- Catcher
- Born: October 25, 1967 (age 58) Windsor, Ontario, Canada
- Batted: LeftThrew: Right

MLB debut
- July 28, 1993, for the Montreal Expos

Last MLB appearance
- September 26, 1998, for the Detroit Tigers

MLB statistics
- Batting average: .169
- Home runs: 1
- Runs batted in: 11
- Stats at Baseball Reference

Teams
- Montreal Expos (1993, 1995); Florida Marlins (1996); Detroit Tigers (1998);

= Joe Siddall =

Canadian baseball player (born 1967)

Joseph Todd Siddall (born October 25, 1967) is a Canadian former professional baseball catcher.
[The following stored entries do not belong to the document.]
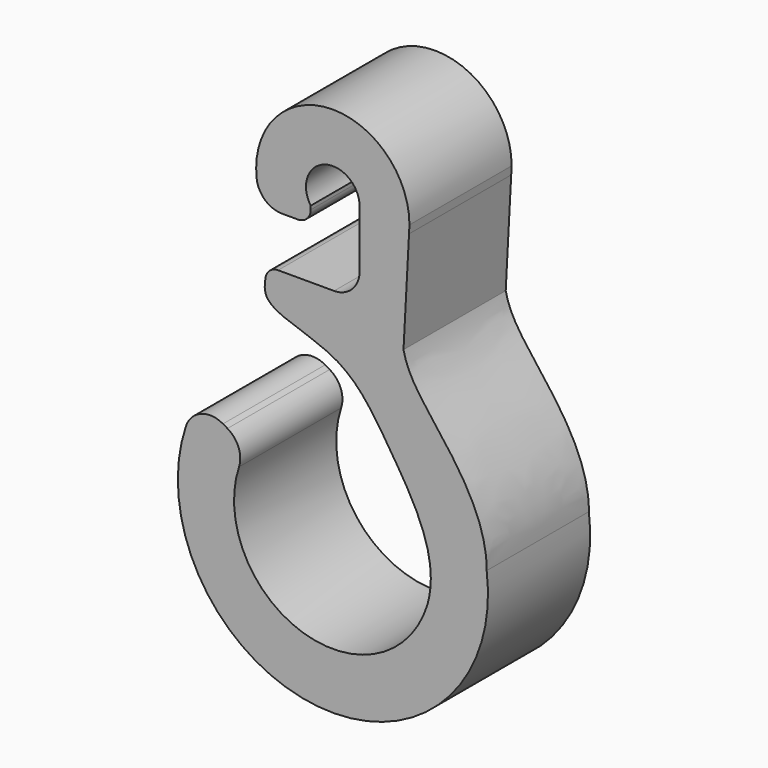
from build123d import *

# Parameters (mm, degrees)
F1_DEPTH = 10
F2_R     = 1
F3_R     = 2


# Not quite as in the source:
# - two fillets or chamfers of one size are made in one step
# - a feature names something its author has since deleted; it is built from what else it names


with BuildPart() as f1:
    # F0 (on Front) → F1 (new body)
    with BuildSketch(Plane.XZ):
        with BuildLine():
            ThreePointArc((-1.7285399627, -1.1925391387), (-0.6245262518, 2.0049855263), (2.1, 0))
            Line((2.1, 0), (2.1, -6.4722087772))
            Line((2.1, -6.4722087772), (-1.7285399627, -6.4722087772))
            Line((-1.7285399627, -6.4722087772), (-5.1270676777, -6.4722087772))
            add(Edge.make_bspline(
                [(-5.1270676777, -6.4722087772), (-5.2022797508, -7.1671189286), (-6.0866195882, -9.4345123751), (1.027351741, -10.4770430063), (4.526556097, -16.11453384), (8.4301587847, -22.1647756383), (7.4084669429, -25.7151645559)],
                knots=[0, 0, 0, 0, 0.1536701078, 0.4002962667, 0.6726958228, 1, 1, 1, 1], degree=3))
            ThreePointArc((7.4084669429, -25.7151645559), (-3.085024735, -30.5342112997), (-6.6922515438, -19.5649590981))
            Line((-6.6922515438, -19.5649590981), (-10.5016801666, -17.3630853307))
            ThreePointArc((-10.5016801666, -17.3630853307), (-2.3664943525, -35.3449464187), (12.0481319901, -21.8635843278))
            add(Edge.make_bspline(
                [(5.535574435, -8.7558477202), (5.8434484166, -10.2656725536), (7.9936891439, -13.1024488577), (12.074048333, -18.3231807373), (12.0481319901, -21.8635843278)],
                knots=[0, 0, 0, 0, 0.4156437378, 1, 1, 1, 1], degree=3))
            Line((5.535574435, -8.7558477202), (5.9663335796, -0.6347153824))
            Line((5.9663335796, -0.6347153824), (6, 0))
            ThreePointArc((6, 0), (-1.2645054368, 5.8652387846), (-5.4670086667, -2.4722087772))
            Line((-5.4670086667, -2.4722087772), (-1.7285399627, -2.4722087772))
            Line((-1.7285399627, -2.4722087772), (-1.7285399627, -1.1925391387))
        make_face()
    extrude(amount=F1_DEPTH)

    # F2
    f2_edges = [f1.edges().sort_by_distance(p)[0] for p in [
        (-1.72854, -5, -2.472209),
        (-5.127068, -5, -6.472209),
    ]]
    fillet(f2_edges, radius=F2_R)

    # F3
    f3_edges = [f1.edges().sort_by_distance(p)[0] for p in [
        (-10.50168, -5, -17.363085),
        (-6.692252, -5, -19.564959),
        (-5.467009, -5, -2.472209),
        (2.1, -5, -6.472209),
    ]]
    fillet(f3_edges, radius=F3_R)


solid = f1.part
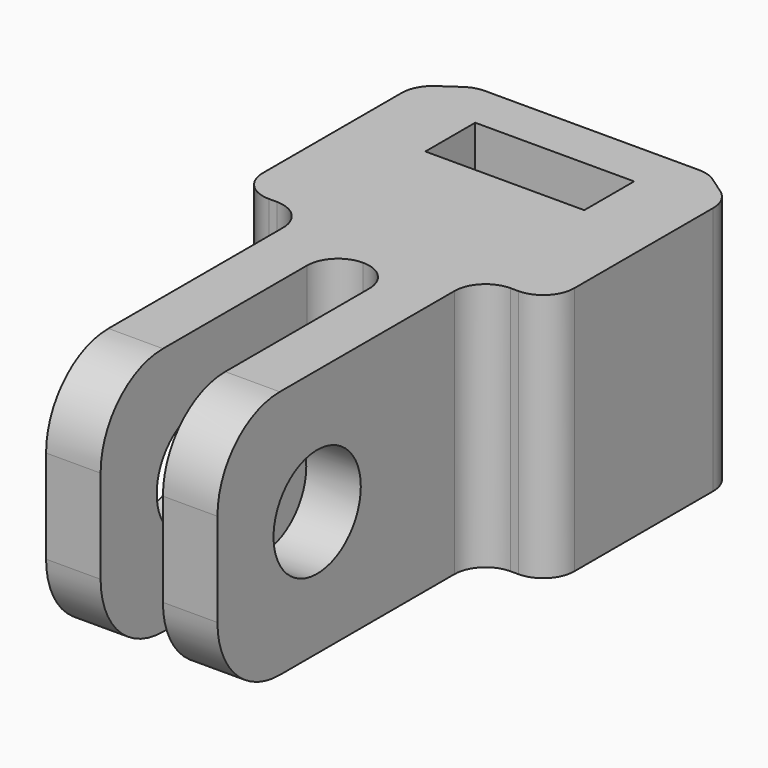
from build123d import *

# Parameters (mm, degrees)
F1_DEPTH  = 16
F2_R      = 2.5
F3_DEPTH  = 12
F4_R      = 3.5
F5_DEPTH  = 11
F6_R      = 1.99999
F7_W      = 10.2
F7_H      = 4
F8_DEPTH  = 12.3
F9_R      = 5
F10_W     = 9.5
F10_H     = 9.5
F10_R     = 2.05
F11_DEPTH = 3.2
F12_R     = 2


# Not quite as in the source:
# - a fillet or chamfer is up to 0.001 mm smaller than in the source, because OpenCascade refuses the exact size


with BuildPart() as f1:
    # F0 (on Top) → F1 (new body)
    with BuildSketch(Plane.XY):
        Polygon((-5.5, -4.9891225062), (-5.5, -26), (-2, -26), (-2, -7.4497503303), (2, -7.4497503303), (2, -26), (5.5, -26), (5.5, -4.9891225062), (10, -4.9891225062), (10, 9.1980283093), (7.5, 10.9290892892), (-7.5, 10.9290892892), (-10, 9.1980283093), (-10, -4.9891225062), align=None)
    extrude(amount=F1_DEPTH)

    # F2 (on face) → F3 (cut)
    with BuildSketch(Plane(origin=(0, 10.9290892892, 0), x_dir=(-1, 0, 0), z_dir=(0, 1, 0))):
        with Locations((0, 9)):
            Circle(F2_R)
    extrude(amount=-F3_DEPTH, mode=Mode.SUBTRACT)

    # F4 (on face) → F5 (cut, through all)
    with BuildSketch(Plane.YZ.offset(5.5)):
        with Locations((-18, 8)):
            Circle(F4_R)
    extrude(amount=-F5_DEPTH, mode=Mode.SUBTRACT)

    # F6 (radius 2 in the source; OpenCascade refuses exactly that, so slightly less here)
    f6_edges = [f1.edges().sort_by_distance(p)[0] for p in [
        (-5.5, -4.989123, 8),
        (2, -7.44975, 8),
        (-2, -7.44975, 8),
        (5.5, -4.989123, 8),
    ]]
    fillet(f6_edges, radius=F6_R)

    # F7 (on face) → F8 (cut)
    with BuildSketch(Plane.XY.offset(16)):
        with Locations((0, 5.9290892892)):
            Rectangle(F7_W, F7_H)
    extrude(amount=-F8_DEPTH, mode=Mode.SUBTRACT)

    # F9
    f9_edges = [f1.edges().sort_by_distance(p)[0] for p in [
        (3.75, -26, 16),
        (3.75, -26, 0),
        (-3.75, -26, 16),
        (-3.75, -26, 0),
    ]]
    fillet(f9_edges, radius=F9_R)

    # F12
    f12_edges = [f1.edges().sort_by_distance(p)[0] for p in [
        (-10, -4.989123, 8),
        (10, -4.989123, 8),
        (-10, 9.198028, 8),
        (-7.5, 10.929089, 8),
        (7.5, 10.929089, 8),
        (10, 9.198028, 8),
    ]]
    fillet(f12_edges, radius=F12_R)


with BuildPart() as f11:
    # F10 (on face) → F11 (new body)
    with BuildSketch(Plane(origin=(0, 3.9290892892, 0), x_dir=(-1, 0, 0), z_dir=(0, 1, 0))):
        with Locations((0, 9)):
            Rectangle(F10_W, F10_H)
        with Locations((0, 9)):
            Circle(F10_R, mode=Mode.SUBTRACT)
    extrude(amount=F11_DEPTH)


solid = Compound([f1.part, f11.part])

He played in Major League Baseball (MLB) for the Montreal Expos, Florida Marlins, and Detroit Tigers.

==Professional career==
Siddall was signed by the Montreal Expos as an amateur free agent in 1987. He played at various levels of their minor league organization before making his MLB debut in 1993. Siddall also appeared in the majors for the Expos in 1995, and became a free agent in the offseason. He signed with the Florida Marlins on November 30, 1995, and appeared in 16 MLB games during the 1996 season. He returned to the Expos minor league organization in 1997 before signing with the Detroit Tigers on December 2, 1997. He made his final MLB appearances in 1998 for the Tigers. In 1999 Siddall played in the Tigers minor league organization, and played his final season of professional baseball in 2000 with the Boston Red Sox minor league organization.

==Broadcasting career==
On March 1, 2014, Siddall was hired by the Toronto Blue Jays to work alongside Jerry Howarth during Blue Jays radio broadcasts. On February 28, 2018, it was announced that Siddall would move to Sportsnet's television broadcast, taking over for Gregg Zaun on Blue Jays Central. In the 2023 season, Siddall began serving as a substitute colour commentator. In March 2026, it was reported that he would become the main colour commentator, replacing the retiring Buck Martinez.

He won the Canadian Screen Award for Best Sports Analysis or Commentary at the 10th Canadian Screen Awards in 2022.